Having known the child's medical history, the PICU team made a careful diagnosis and treatment plan. Given the urgent condition, enhanced CT scan indicated the rupture and bleeding of the distal branch of gastroduodenal artery and blood accumulation in gastroduodenum.

The child's condition has improved.

The digestive endoscopy team completed gastrointestinal endoscopy, and a lump in the duodenal bulb was seen. There remained Dieulafoy disease, aneurysm and polyps in the duodenal bulb to be ruled out.

At 23:00 on the night of January 9, the child experienced massive gastrointestinal bleeding and hemorrhagic shock, the blood pressure dropped to 23/13mmHg almost instantly. 

Even with continuous infusion of bags of red blood cells and plasma, it was difficult to stabilize the child's vital signs. Doctors immediately consulted with the Department of General Pediatric Surgery, and suggested interventional embolization to stop bleeding.

Mei Shiwei, director of the Department of Interventional Radiology of the hospital, arranged gastroduodenal arteriography + embolization for the patient. 

When trying to insert the coil spring, the doctor saw the aneurysm was ruptured, as well as active bleeding.
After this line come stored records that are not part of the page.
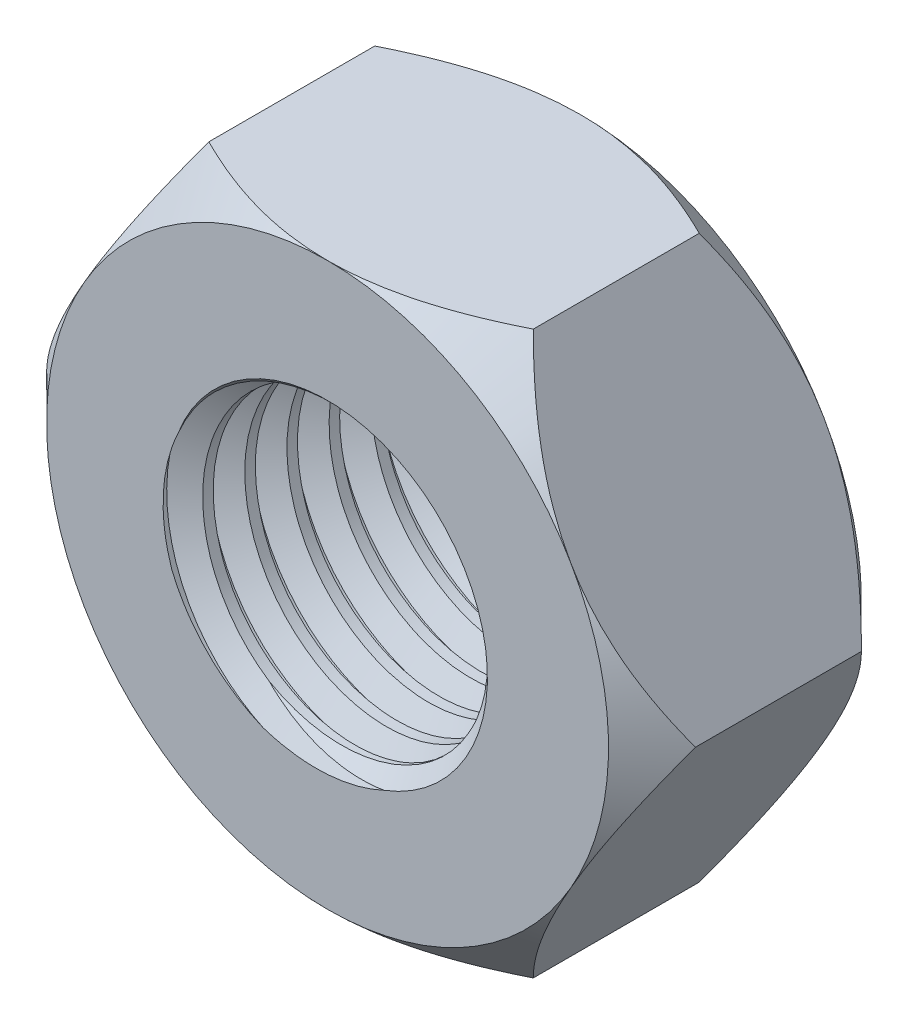
SolidWorks part; units mm, degrees
ref_plane "Front Plane" through (0, 0, 0) normal (0, 0, 1) x (1, 0, 0)
ref_plane "Top Plane" through (0, 0, 0) normal (0, 1, 0) x (1, 0, 0)
ref_plane "Right Plane" through (0, 0, 0) normal (1, 0, 0) x (0, 0, -1)
sketch "Sketch2" plane through (0, 0, 0) normal (0, 0, 1) x (1, 0, 0)
  line L1 (-11.547, 0) -> (-5.7735, -10)
  line L2 (-5.7735, -10) -> (5.7735, -10)
  line L3 (5.7735, -10) -> (11.547, 0)
  line L4 (11.547, 0) -> (5.7735, 10)
  line L5 (5.7735, 10) -> (-5.7735, 10)
  line L6 (-5.7735, 10) -> (-11.547, 0)
  circle A0 centre (0, 0) radius 10 construction
  dimension "D1" = 20
extrude "Boss-Extrude1" add sketch "Sketch2" along normal mid plane 9
sketch "Sketch3" plane through (0, 0, 4.5) normal (0, 0, 1) x (1, 0, 0)
  line L0 (-5.7735, 10) -> (-11.547, 0) construction
  circle A0 centre (0, 0) radius 10
extrude "Cut-Extrude1" cut sketch "Sketch3" against normal through all draft 45 flip side to cut
mirror "Mirror1" about plane through (0, 0, 0) normal (0, 0, 1) of "Cut-Extrude1"
sketch "Sketch4" plane through (0, 0, 4.5) normal (0, 0, 1) x (1, 0, 0)
  circle A0 centre (0, 0) radius 5.19
  dimension "D1" = 10.38
extrude "Cut-Extrude2" cut sketch "Sketch4" against normal through all
chamfer "Chamfer1" distance 0.5 angle 45 1 edges at (5.19, 0, 4.5)
chamfer "Chamfer2" distance 0.5 angle 45 1 edges at (5.19, 0, -4.5)
thread "Thread1" pitch 1.5 method cut profile "Thread Profile1" start angle 0, offset 2, length 0, pitch 1.5, diameter 10.38
ref_plane "Plane1" through (5.19, 0, -6) normal (0, -1, 0) x (1, 0, 0)
sketch "Thread Profile1" plane through (5.19, 0, -6) normal (0, -1, 0) x (1, 0, 0)
  line L0 (0, 0) -> (0, 1.5) construction
  line L1 (0, 0) -> (0.8119, 0.4687)
  line L2 (0.8119, 0.4687) -> (0.8119, 0.6562)
  line L3 (0.8119, 0.6562) -> (0, 1.125)
  line L4 (0.8119, 0.5625) -> (0, 0.5625) construction
  line L11 (0, 0) -> (0, 1.125)
  point P2 (0, 0)
  dimension "Pitch" = 1.5
  dimension "Profile_Angle" = 60
  dimension "Profile_Land" = 0.1875
  dimension "Profile_Height" = 0.8119
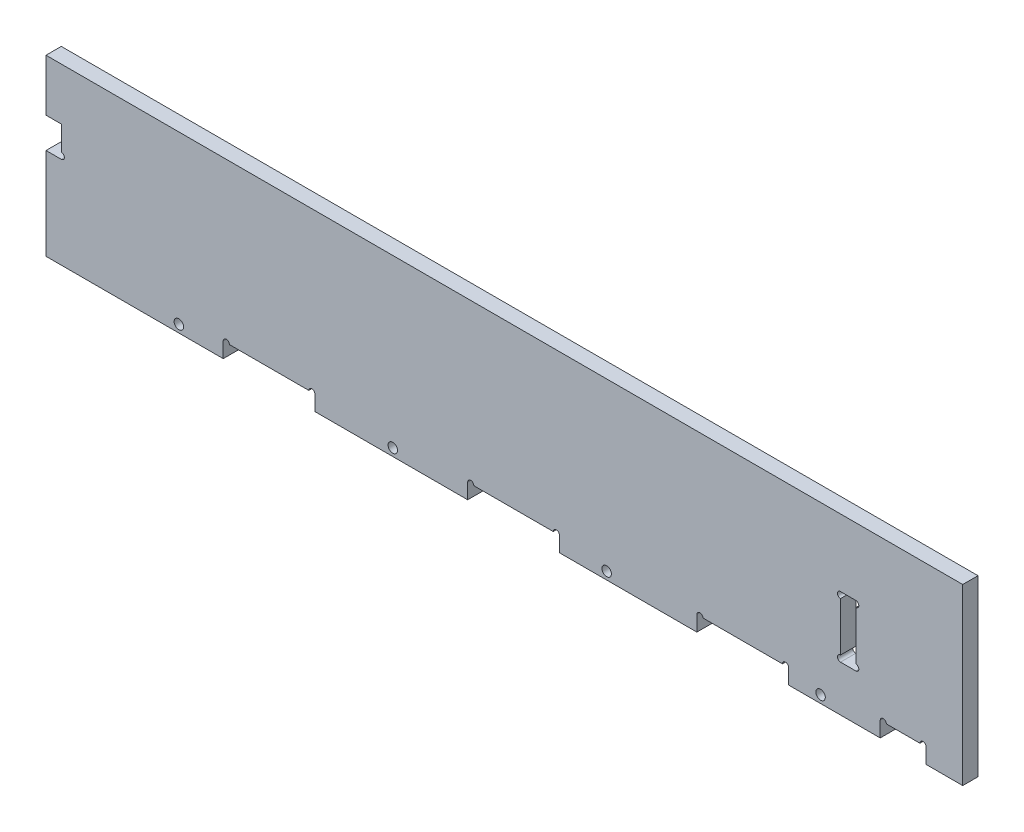
SolidWorks part; units mm, degrees
material "사용자정의 플라스틱"
ref_plane "정면" through (0, 0, 0) normal (0, 0, 1) x (1, 0, 0)
ref_plane "윗면" through (0, 0, 0) normal (0, 1, 0) x (1, 0, 0)
ref_plane "우측면" through (0, 0, 0) normal (1, 0, 0) x (0, 0, -1)
sketch "스케치1" plane through (0, 0, 0) normal (0, 0, 1) x (1, 0, 0)
  line L1 (0, 0) -> (300, 0)
  line L2 (0, 0) -> (0, 57)
  line L3 (0, 57) -> (300, 57)
  line L4 (300, 0) -> (300, 57)
  dimension "D1" = 57
  dimension "D2" = 300
extrude "보스-돌출1" add sketch "스케치1" along normal blind 5
sketch "스케치2" plane through (0, 0, 5) normal (0, 0, 1) x (1, 0, 0)
  line L0 (0, 57) -> (0, 0) construction
  line L1 (5, 40) -> (0, 40)
  line L2 (5, 40) -> (5, 30)
  line L3 (5, 30) -> (0, 30)
  line L4 (0, 40) -> (0, 30)
  line L5 (5, 30) -> (0, 30) construction
  line L6 (0, 0) -> (300, 0) construction
  line L7 (58, 5) -> (88, 5)
  line L8 (58, 5) -> (58, 0)
  line L9 (58, 0) -> (88, 0)
  line L10 (88, 5) -> (88, 0)
  line L11 (88, 5) -> (88, 0) construction
  line L12 (168, 5) -> (168, 0) construction
  line L13 (168, 0) -> (138, 0)
  line L14 (168, 0) -> (168, 5)
  line L15 (168, 5) -> (138, 5)
  line L16 (138, 0) -> (138, 5)
  line L17 (243, 5) -> (243, 0) construction
  line L18 (243, 0) -> (213, 0)
  line L19 (243, 0) -> (243, 5)
  line L20 (243, 5) -> (213, 5)
  line L21 (213, 0) -> (213, 5)
  line L22 (288, 5) -> (288, 0) construction
  line L23 (288, 0) -> (273, 0)
  line L24 (288, 0) -> (288, 5)
  line L25 (288, 5) -> (273, 5)
  line L26 (273, 0) -> (273, 5)
  line L28 (260, 35) -> (265, 35)
  line L29 (260, 35) -> (260, 15)
  line L30 (260, 15) -> (265, 15)
  line L31 (265, 35) -> (265, 15)
extrude "컷-돌출1" cut sketch "스케치2" against normal blind 5
sketch "스케치3" plane through (0, 0, 5) normal (0, 0, 1) x (1, 0, 0)
  line L0 (265, 35) -> (260, 35) construction
  line L1 (260, 15) -> (265, 15) construction
  line L4 (243, 5) -> (213, 5) construction
  line L5 (88, 5) -> (58, 5) construction
  line L6 (168, 5) -> (138, 5) construction
  line L7 (5, 30) -> (5, 40) construction
  line L8 (288, 5) -> (273, 5) construction
  line L9 (273, 5) -> (273, 0) construction
  line L10 (288, 0) -> (288, 5) construction
  circle A0 centre (274, 5) radius 1
  circle A1 centre (287, 5) radius 1
  circle A2 centre (260, 16) radius 1
  circle A3 centre (265, 16) radius 1
  circle A4 centre (265, 34) radius 1
  circle A5 centre (260, 34) radius 1
  circle A6 centre (214, 5) radius 1
  circle A7 centre (242, 5) radius 1
  circle A8 centre (87, 5) radius 1
  circle A9 centre (139, 5) radius 1
  circle A10 centre (167, 5) radius 1
  circle A11 centre (5, 31) radius 1
  circle A13 centre (59, 5) radius 1
  dimension "D1" = 2
  dimension "D2" = 2
extrude "컷-돌출2" cut sketch "스케치3" against normal blind 5
sketch "스케치4" plane through (0, 0, 0) normal (0, 0, -1) x (-1, 0, 0)
  line L0 (-45.0287, 2.5) -> (-41.9287, 2.5) construction
  line L3 (-45.0287, 5) -> (-45.0287, 0) construction
  line L6 (-41.9287, 5) -> (-41.9287, 0) construction
  line L9 (-115.0287, 2.5) -> (-111.9287, 2.5) construction
  line L10 (-115.0287, 5) -> (-115.0287, 0) construction
  line L11 (-111.9287, 5) -> (-111.9287, 0) construction
  line L12 (-185.0287, 2.5) -> (-181.9287, 2.5) construction
  line L13 (-185.0287, 5) -> (-185.0287, 0) construction
  line L14 (-181.9287, 5) -> (-181.9287, 0) construction
  line L15 (-255.0287, 2.5) -> (-251.9287, 2.5) construction
  line L16 (-255.0287, 5) -> (-255.0287, 0) construction
  line L17 (-251.9287, 5) -> (-251.9287, 0) construction
  circle A0 centre (-253.4787, 2.5) radius 1.55
  circle A1 centre (-183.4787, 2.5) radius 1.55
  circle A2 centre (-113.4787, 2.5) radius 1.55
  circle A3 centre (-43.4787, 2.5) radius 1.55
extrude "컷-돌출3" cut sketch "스케치4" against normal blind 10
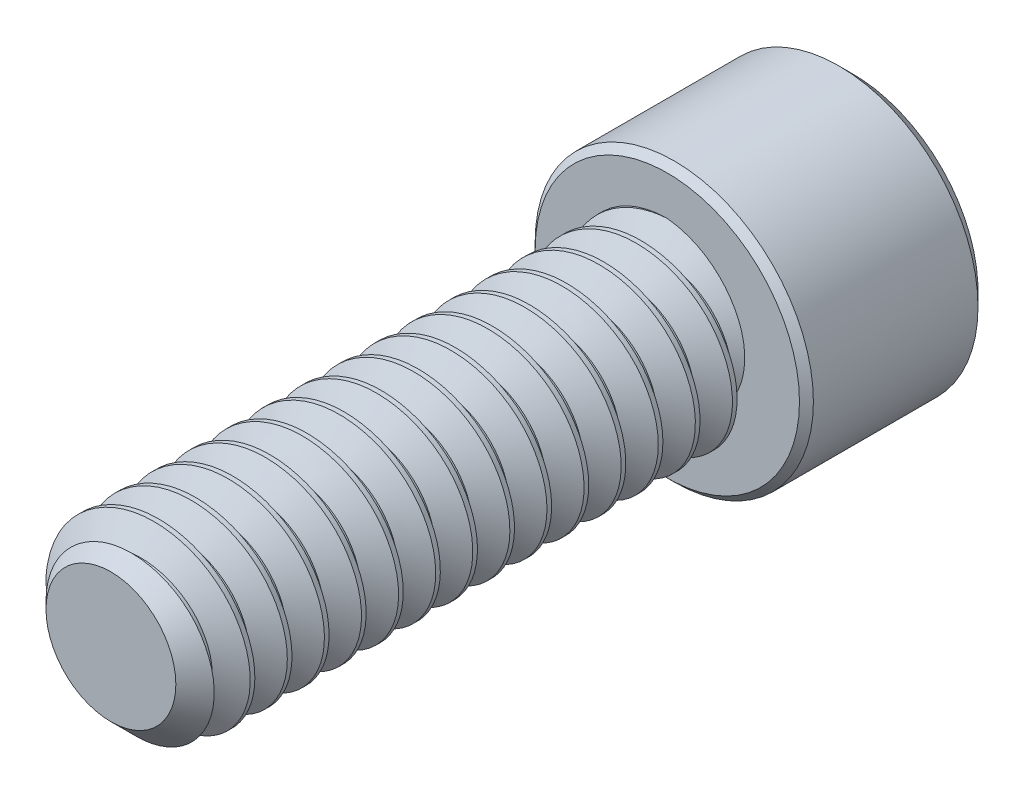
SolidWorks part; units mm, degrees
ref_plane "Front Plane" through (0, 0, 0) normal (0, 0, 1) x (1, 0, 0)
ref_plane "Top Plane" through (0, 0, 0) normal (0, 1, 0) x (1, 0, 0)
ref_plane "Right Plane" through (0, 0, 0) normal (1, 0, 0) x (0, 0, -1)
sketch "Sketch0" plane through (0, 0, 0) normal (1, 0, 0) x (0, 0, -1)
  line L0 (0, 0) -> (19.05, 0) construction
  point P2 (25.4, 0)
  point P4 (0, 0)
  dimension "D1" = 19.05
  dimension "D2" = 6.35
  dimension "Min Thread" = 0
sketch "Sketch1" plane through (0, 0, 0) normal (0, 0, 1) x (1, 0, 0)
  circle A0 centre (0, 0) radius 3.175
  dimension "OD" = 6.35
extrude "Extrude1" add sketch "Sketch1" against normal blind 19.05
sketch "Sketch2" plane through (0, 0, 0) normal (0, 0, 1) x (1, 0, 0)
  circle A0 centre (0, 0) radius 3.175 construction
  circle A1 centre (0, 0) radius 3.175
curve "Helix/Spiral1" pitch 1.27 height 20.32 turns 16 parameters "pitch"=1.27
chamfer "Chamfer3" distance 0.9525 angle 45 1 edges at (3.175, 0, 0)
sketch "Sketch3" plane through (0, 0, 0) normal (1, 0, 0) x (0, 0, -1)
  line L0 (-1.1113, 3.175) -> (-0.635, 2.3501)
  line L1 (-0.635, 2.3501) -> (-0.4763, 2.3501)
  line L2 (-0.4763, 2.3501) -> (0, 3.175)
  line L3 (-1.1113, 3.175) -> (0, 3.175)
  line L4 (-0.5556, 3.175) -> (-0.5556, 2.3501) construction
  line L5 (-0.8731, 2.7626) -> (-0.2381, 2.7626) construction
  line L6 (0, 3.175) -> (0, -3.175) construction
  dimension "D1" = 0.1588
  dimension "D2" = 0.635
  dimension "D3" = 60
sweep "Cut-Sweep1" cut profiles "Sketch3" path "Helix/Spiral1"
sketch "Sketch5" plane through (0, 0, 0) normal (1, 0, 0) x (0, 0, -1)
  line L0 (19.05, -2.3728) -> (19.05, 2.2654) construction
  line L1 (19.05, 3.175) -> (0, 3.175)
  line L2 (19.05, 3.175) -> (19.05, 0)
  line L3 (19.05, 0) -> (-1.1556, 0)
  line L4 (0, 0) -> (19.05, 0) construction
  line L5 (0, 3.175) -> (-1.1556, 0)
  line L6 (0, 0) -> (21.59, 0) construction
  dimension "D1" = 70
  dimension "D3" = 2.54
revolve "partially thread" [suppressed] add sketch "Sketch5" angle 360 about L6
sketch "Sketch6" plane through (0, 0, -19.05) normal (0, 0, -1) x (-1, 0, 0)
  circle A0 centre (0, 0) radius 4.7625
  dimension "head dia" = 9.525
extrude "Extrude2" add sketch "Sketch6" along normal blind 6.35
sketch "Sketch7" plane through (0, 0, -25.4) normal (0, 0, -1) x (-1, 0, 0)
  line L1 (0, 2.7496) -> (-2.3813, 1.3748)
  line L2 (-2.3813, 1.3748) -> (-2.3813, -1.3748)
  line L3 (-2.3813, -1.3748) -> (0, -2.7496)
  line L4 (0, -2.7496) -> (2.3813, -1.3748)
  line L5 (2.3813, -1.3748) -> (2.3813, 1.3748)
  line L6 (2.3813, 1.3748) -> (0, 2.7496)
  circle A0 centre (0, 0) radius 2.3813 construction
  dimension "hex dia" = 4.7625
extrude "Cut-Extrude1" cut sketch "Sketch7" against normal blind 3.5719
sketch "Sketch8" plane through (0, 0, -25.4) normal (0, 0, -1) x (-1, 0, 0)
  circle A0 centre (0, 0) radius 2.7496
extrude "Cut-Extrude2" cut sketch "Sketch8" against normal through all draft 45
chamfer "Chamfer1" distance 0.4763 angle 45 1 edges at (-4.7625, 0, -25.4)
chamfer "Chamfer2" distance 0.2381 angle 45 1 edges at (-4.7625, 0, -19.05)
sketch "Sketch9" plane through (0, 0, 0) normal (1, 0, 0) x (0, 0, -1)
  line L0 (0, 3.175) -> (0, -3.175) construction
  line L1 (3.175, 3.175) -> (3.175, -3.175) construction
  line L2 (25.4, 4.7625) -> (25.4, -4.7625) construction
  line L3 (19.05, 4.7625) -> (19.05, -4.7625) construction
  line L4 (19.05, 4.5244) -> (19.05, -4.5244) construction
  line L5 (25.4, -4.2862) -> (25.4, 4.2862) construction
  line L6 (19.05, -4.7625) -> (19.05, 4.7625) construction
  line L7 (0, 2.2225) -> (0, -2.2225) construction
  line L8 (-1.1113, 3.175) -> (0, 3.175) construction
  line L9 (3.175, 0) -> (0, 0) construction
  dimension "D1" = 3.175
equation "\"D3@Helix/Spiral1\" = \"screw length@Extrude1\"+\"pitch@Helix/Spiral1\""
equation "\"D1@Sketch3\" = \"pitch@Helix/Spiral1\"*.125"
equation "\"D2@Sketch3\" = \"pitch@Helix/Spiral1\"*.5"
equation "\"D1@Cut-Extrude1\" = \"hex dia@Sketch7\"*.75"
equation "\"D1@Chamfer1\" = \"head dia@Sketch6\"*.05"
equation "\"D1@Sketch9\" = \"pitch@Helix/Spiral1\"*2.50"
equation "\"D1@Chamfer2\" = \"D1@Chamfer1\"/2"
equation "\"D1@Chamfer3\" = \"pitch@Helix/Spiral1\"*.750"
equation "\"D1@Sketch0\" = \"screw length@Extrude1\""
equation "\"D2@Sketch0\" = \"head depth@Extrude2\""

The bleeding site was clear. However, the blood pressure of the child dropped again. He urgently requested consultation from the general surgery for interventional treatment and endoscopic titanium clip placement to stop the bleeding.

Under blurred vision, it is highly challenging to stop bleeding with titanium clips. To save lives, infusion of blood products and vasoactive drugs can temporarily maintain the vital signs. Despite huge pressure, Mei Shiwei and his team once again tried to stop the bleeding with embolization. Finally, the embolization was completed and the child was transferred to the ward.

Multidisciplinary consultation meeting.

However, bleeding of the child's digestive tract has not stopped.

After returning to the ward, the child's hemoglobin decreased progressively. A multidisciplinary consultation including departments of surgery, imaging, digestion, and intervention has been quickly started. 

Finally, duodenoplasty and vessel ligation have been conducted for the child. Fortunately, the bleeding stopped, the child's vital signs returned to stable, and was successfully removed from the ventilator 3 days after the operation.